About
Here you can find some information on the research project P17762 Scattering Theory for Jacobi Operators and Applications to Nonlinear Lattices funded by the Austrian Science Fund (FWF).

The aim of this project is to develop direct and inverse scattering theory for Jacobi operators which are short-range perturbations of finite-gap quasiperiodic operators. We want to derive the corresponding Gelfand-Levitan-Marchenko equations and find necessary and sufficient conditions for the scattering data to uniquely determine the coefficients. Then the results will be applied to study the corresponding initial value problems of the Toda and Kac-van Moerbeke hierarchies and, in particular, their long time asymptotics via a Riemann-Hilbert approach.

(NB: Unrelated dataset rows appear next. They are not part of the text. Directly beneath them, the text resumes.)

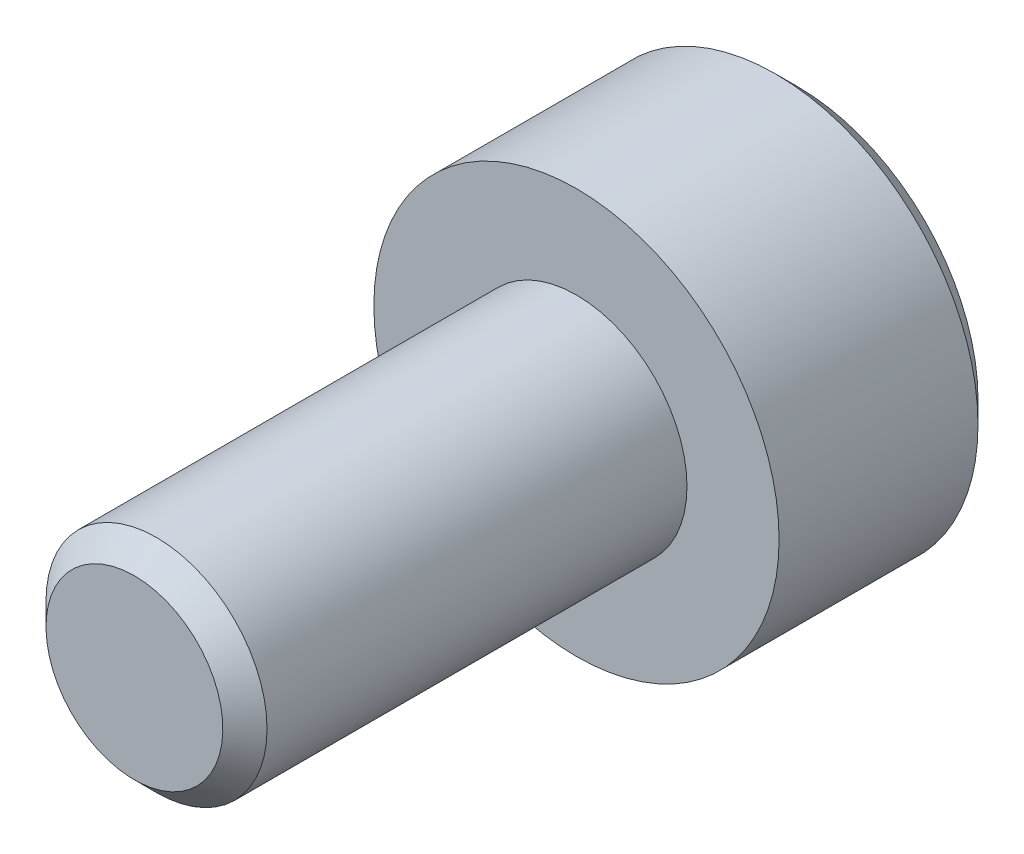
ISO-10303-21;
HEADER;
FILE_DESCRIPTION(('STEP AP214'),'2;1');
FILE_NAME('part.step','',(''),(''),'','','');
FILE_SCHEMA(('AUTOMOTIVE_DESIGN { 1 0 10303 214 1 1 1 1 }'));
ENDSEC;
DATA;
#1=APPLICATION_CONTEXT('core data for automotive mechanical design processes');
#2=APPLICATION_PROTOCOL_DEFINITION('international standard','automotive_design',2000,#1);
#3=PRODUCT_CONTEXT('',#1,'mechanical');
#4=PRODUCT('Part','Part','',(#3));
#5=PRODUCT_RELATED_PRODUCT_CATEGORY('part','',(#4));
#6=PRODUCT_DEFINITION_FORMATION('','',#4);
#7=PRODUCT_DEFINITION_CONTEXT('part definition',#1,'design');
#8=PRODUCT_DEFINITION('design','',#6,#7);
#9=PRODUCT_DEFINITION_SHAPE('','',#8);
#10=(LENGTH_UNIT() NAMED_UNIT(*) SI_UNIT(.MILLI.,.METRE.));
#11=(NAMED_UNIT(*) PLANE_ANGLE_UNIT() SI_UNIT($,.RADIAN.));
#12=(NAMED_UNIT(*) SI_UNIT($,.STERADIAN.) SOLID_ANGLE_UNIT());
#13=UNCERTAINTY_MEASURE_WITH_UNIT(LENGTH_MEASURE(1.E-05),#10,'distance_accuracy_value','');
#14=(GEOMETRIC_REPRESENTATION_CONTEXT(3) GLOBAL_UNCERTAINTY_ASSIGNED_CONTEXT((#13)) GLOBAL_UNIT_ASSIGNED_CONTEXT((#10,
#11,#12)) REPRESENTATION_CONTEXT('',''));
#15=CARTESIAN_POINT('',(0.,0.,0.));
#16=DIRECTION('',(0.,0.,1.));
#17=DIRECTION('',(1.,0.,0.));
#18=AXIS2_PLACEMENT_3D('',#15,#16,#17);
#19=CARTESIAN_POINT('',(2.548,2.548,-3.));
#20=DIRECTION('',(0.,0.,-1.));
#21=DIRECTION('',(0.,-1.,0.));
#22=AXIS2_PLACEMENT_3D('',#19,#20,#21);
#23=PLANE('',#22);
#24=CARTESIAN_POINT('',(1.26031915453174E-13,0.,-2.99999999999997));
#25=DIRECTION('',(0.,0.,1.));
#26=DIRECTION('',(0.,-1.,0.));
#27=AXIS2_PLACEMENT_3D('',#24,#25,#26);
#28=CIRCLE('',#27,2.45000000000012);
#29=CARTESIAN_POINT('',(1.26031915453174E-13,-2.45000000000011,-2.99999999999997));
#30=VERTEX_POINT('',#29);
#31=EDGE_CURVE('E18',#30,#30,#28,.T.);
#32=ORIENTED_EDGE('',*,*,#31,.F.);
#33=EDGE_LOOP('',(#32));
#34=FACE_BOUND('',#33,.T.);
#35=ADVANCED_FACE('F14',(#34),#23,.T.);
#36=CARTESIAN_POINT('',(1.2610626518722E-13,0.,-2.689904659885));
#37=DIRECTION('',(0.,0.,1.));
#38=DIRECTION('',(0.,-1.,0.));
#39=AXIS2_PLACEMENT_3D('',#36,#37,#38);
#40=CONICAL_SURFACE('',#39,2.76009534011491,0.785398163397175);
#41=ORIENTED_EDGE('',*,*,#31,.T.);
#42=EDGE_LOOP('',(#41));
#43=FACE_BOUND('',#42,.T.);
#44=CARTESIAN_POINT('',(-4.4354710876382E-13,0.,-2.7));
#45=DIRECTION('',(0.,0.,1.));
#46=DIRECTION('',(1.,0.,0.));
#47=AXIS2_PLACEMENT_3D('',#44,#45,#46);
#48=CIRCLE('',#47,2.75000000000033);
#49=CARTESIAN_POINT('',(2.74999999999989,0.,-2.7));
#50=VERTEX_POINT('',#49);
#51=EDGE_CURVE('E34',#50,#50,#48,.T.);
#52=ORIENTED_EDGE('',*,*,#51,.F.);
#53=EDGE_LOOP('',(#52));
#54=FACE_BOUND('',#53,.T.);
#55=ADVANCED_FACE('F50',(#43,#54),#40,.T.);
#56=CARTESIAN_POINT('',(1.249552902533,1.248,6.));
#57=DIRECTION('',(0.,0.,-1.));
#58=DIRECTION('',(0.,-1.,0.));
#59=AXIS2_PLACEMENT_3D('',#56,#57,#58);
#60=PLANE('',#59);
#61=CARTESIAN_POINT('',(5.35173421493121E-13,0.,5.99999999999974));
#62=DIRECTION('',(0.,0.,-1.));
#63=DIRECTION('',(0.,1.,0.));
#64=AXIS2_PLACEMENT_3D('',#61,#62,#63);
#65=CIRCLE('',#64,1.20000000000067);
#66=CARTESIAN_POINT('',(5.35173421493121E-13,1.20000000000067,5.99999999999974));
#67=VERTEX_POINT('',#66);
#68=EDGE_CURVE('E37',#67,#67,#65,.T.);
#69=ORIENTED_EDGE('',*,*,#68,.F.);
#70=EDGE_LOOP('',(#69));
#71=FACE_BOUND('',#70,.T.);
#72=ADVANCED_FACE('F59',(#71),#60,.F.);
#73=CARTESIAN_POINT('',(-4.4354710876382E-13,0.,0.054));
#74=DIRECTION('',(0.,0.,-1.));
#75=DIRECTION('',(0.,1.,0.));
#76=AXIS2_PLACEMENT_3D('',#73,#74,#75);
#77=CYLINDRICAL_SURFACE('',#76,2.75000000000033);
#78=ORIENTED_EDGE('',*,*,#51,.T.);
#79=EDGE_LOOP('',(#78));
#80=FACE_BOUND('',#79,.T.);
#81=CARTESIAN_POINT('',(-4.43546905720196E-13,0.,0.));
#82=DIRECTION('',(0.,0.,-1.));
#83=DIRECTION('',(0.,1.,0.));
#84=AXIS2_PLACEMENT_3D('',#81,#82,#83);
#85=CIRCLE('',#84,2.75000000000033);
#86=CARTESIAN_POINT('',(-4.43546905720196E-13,2.75000000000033,0.));
#87=VERTEX_POINT('',#86);
#88=EDGE_CURVE('E30',#87,#87,#85,.T.);
#89=ORIENTED_EDGE('',*,*,#88,.T.);
#90=EDGE_LOOP('',(#89));
#91=FACE_BOUND('',#90,.T.);
#92=ADVANCED_FACE('F72',(#80,#91),#77,.T.);
#93=CARTESIAN_POINT('',(5.35162192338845E-13,0.,6.010095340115));
#94=DIRECTION('',(0.,0.,-1.));
#95=DIRECTION('',(0.,1.,0.));
#96=AXIS2_PLACEMENT_3D('',#93,#94,#95);
#97=CONICAL_SURFACE('',#96,1.18990465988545,0.785398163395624);
#98=CARTESIAN_POINT('',(1.55948929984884E-13,0.,5.7));
#99=DIRECTION('',(0.,0.,-1.));
#100=DIRECTION('',(-1.,0.,0.));
#101=AXIS2_PLACEMENT_3D('',#98,#99,#100);
#102=CIRCLE('',#101,1.49999999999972);
#103=CARTESIAN_POINT('',(-1.49999999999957,0.,5.7));
#104=VERTEX_POINT('',#103);
#105=EDGE_CURVE('E23',#104,#104,#102,.T.);
#106=ORIENTED_EDGE('',*,*,#105,.F.);
#107=EDGE_LOOP('',(#106));
#108=FACE_BOUND('',#107,.T.);
#109=ORIENTED_EDGE('',*,*,#68,.T.);
#110=EDGE_LOOP('',(#109));
#111=FACE_BOUND('',#110,.T.);
#112=ADVANCED_FACE('F66',(#108,#111),#97,.T.);
#113=CARTESIAN_POINT('',(2.862355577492,2.86,0.));
#114=DIRECTION('',(0.,0.,-1.));
#115=DIRECTION('',(0.,-1.,0.));
#116=AXIS2_PLACEMENT_3D('',#113,#114,#115);
#117=PLANE('',#116);
#118=CARTESIAN_POINT('',(1.61078985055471E-13,0.,0.));
#119=DIRECTION('',(0.,0.,-1.));
#120=DIRECTION('',(0.,1.,0.));
#121=AXIS2_PLACEMENT_3D('',#118,#119,#120);
#122=CIRCLE('',#121,1.49999999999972);
#123=CARTESIAN_POINT('',(1.61078985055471E-13,1.49999999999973,0.));
#124=VERTEX_POINT('',#123);
#125=EDGE_CURVE('E10',#124,#124,#122,.F.);
#126=ORIENTED_EDGE('',*,*,#125,.F.);
#127=EDGE_LOOP('',(#126));
#128=FACE_BOUND('',#127,.T.);
#129=ORIENTED_EDGE('',*,*,#88,.F.);
#130=EDGE_LOOP('',(#129));
#131=FACE_BOUND('',#130,.T.);
#132=ADVANCED_FACE('F62',(#128,#131),#117,.F.);
#133=CARTESIAN_POINT('',(1.55948929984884E-13,0.,5.814));
#134=DIRECTION('',(0.,0.,-1.));
#135=DIRECTION('',(0.,1.,0.));
#136=AXIS2_PLACEMENT_3D('',#133,#134,#135);
#137=CYLINDRICAL_SURFACE('',#136,1.49999999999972);
#138=ORIENTED_EDGE('',*,*,#125,.T.);
#139=EDGE_LOOP('',(#138));
#140=FACE_BOUND('',#139,.T.);
#141=ORIENTED_EDGE('',*,*,#105,.T.);
#142=EDGE_LOOP('',(#141));
#143=FACE_BOUND('',#142,.T.);
#144=ADVANCED_FACE('F16',(#140,#143),#137,.T.);
#145=CLOSED_SHELL('',(#35,#55,#72,#92,#112,#132,#144));
#146=MANIFOLD_SOLID_BREP('B1',#145);
#147=ADVANCED_BREP_SHAPE_REPRESENTATION('',(#18,#146),#14);
#148=SHAPE_DEFINITION_REPRESENTATION(#9,#147);
ENDSEC;
END-ISO-10303-21;

The project started in December 2004 and finished in December 2006. For a continuation see my START project.

Summary
The first aim of the project was to develop direct and inverse scattering theory for Jacobi operators which are short-range perturbations of periodic operators, and to apply these results to study the corresponding initial value problems of the Toda and Kac-van Moerbeke hierarchies. Among our main results are minimal scattering data which determine the perturbed operator uniquely in the above mentioned situations and a complete analysis of the inverse scattering transform for the entire Toda hierarchy in these cases.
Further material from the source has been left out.